What you are asked to do ::
Your answer must be an exact copy of the records below, with no pictures in it.

Dataset ::
----------------

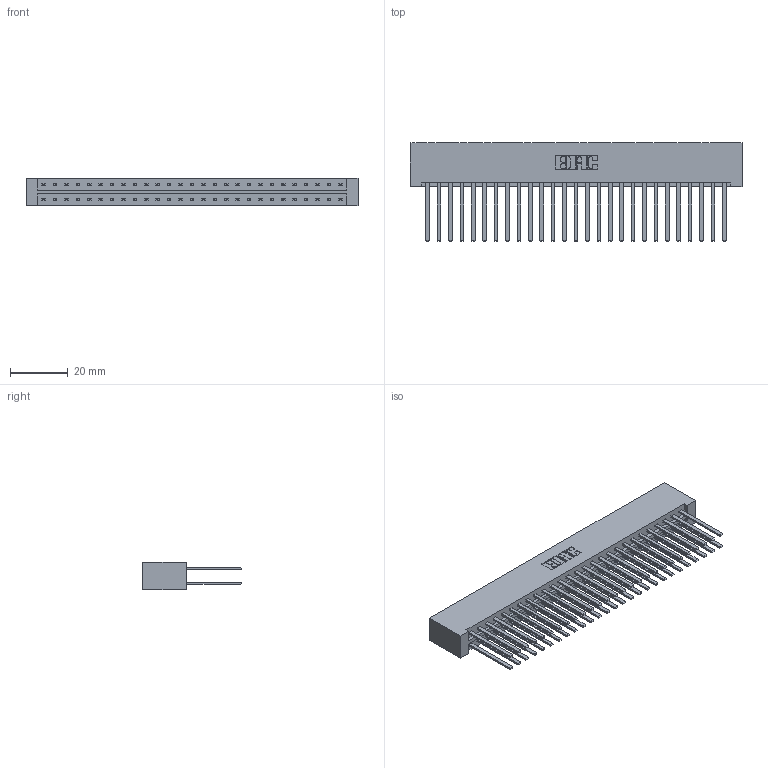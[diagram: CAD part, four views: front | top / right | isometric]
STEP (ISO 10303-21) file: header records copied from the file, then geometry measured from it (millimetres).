
FILE_DESCRIPTION (( 'STEP AP203' ), '1' );
FILE_NAME ('833-054-544-201.STEP', '2020-06-04T21:13:30', ( '' ), ( '' ), 'SwSTEP 2.0', 'SolidWorks 2020', '' );
FILE_SCHEMA (( 'CONFIG_CONTROL_DESIGN' ));
Length unit declared in the file: inch
Products named in the file (3): 833 Part_Lugless; 345-292-001_345-293-144; 833-054-544-201
Assembly tree (55 placements, depth 2):
  833-054-544-201
    833 Part_Lugless
    345-292-001_345-293-144  x54
Bounding box: 115.24 x 34.3 x 9.4 mm (x, y, z)
Volume: 13014.3 mm3; surface area: 17686.5 mm2
Topology: 55 solids, 55 shells, 2590 faces, 7685 edges, 5050 vertices
Faces by surface type: plane 1794, cylinder 796
Entity records: 18849 total; most frequent: CARTESIAN_POINT 3138, ORIENTED_EDGE 3074, DIRECTION 2697, EDGE_CURVE 1537, LINE 1421, VECTOR 1421, VERTEX_POINT 1022, AXIS2_PLACEMENT_3D 638

----------------

Answer to the problem ::
[diagram: CAD part, four views: front | top / right | isometric]
STEP (ISO 10303-21) file: header records copied from the file, then geometry measured from it (millimetres).
FILE_DESCRIPTION (( 'STEP AP203' ), '1' );
FILE_NAME ('833-054-544-201.STEP', '2020-06-04T21:13:30', ( '' ), ( '' ), 'SwSTEP 2.0', 'SolidWorks 2020', '' );
FILE_SCHEMA (( 'CONFIG_CONTROL_DESIGN' ));
Length unit declared in the file: inch
Products named in the file (3): 833 Part_Lugless; 345-292-001_345-293-144; 833-054-544-201
Assembly tree (55 placements, depth 2):
  833-054-544-201
    833 Part_Lugless
    345-292-001_345-293-144  x54
Bounding box: 115.24 x 34.3 x 9.4 mm (x, y, z)
Volume: 13014.3 mm3; surface area: 17686.5 mm2
Topology: 55 solids, 55 shells, 2590 faces, 7685 edges, 5050 vertices
Faces by surface type: plane 1794, cylinder 796
Entity records: 18849 total; most frequent: CARTESIAN_POINT 3138, ORIENTED_EDGE 3074, DIRECTION 2697, EDGE_CURVE 1537, LINE 1421, VECTOR 1421, VERTEX_POINT 1022, AXIS2_PLACEMENT_3D 638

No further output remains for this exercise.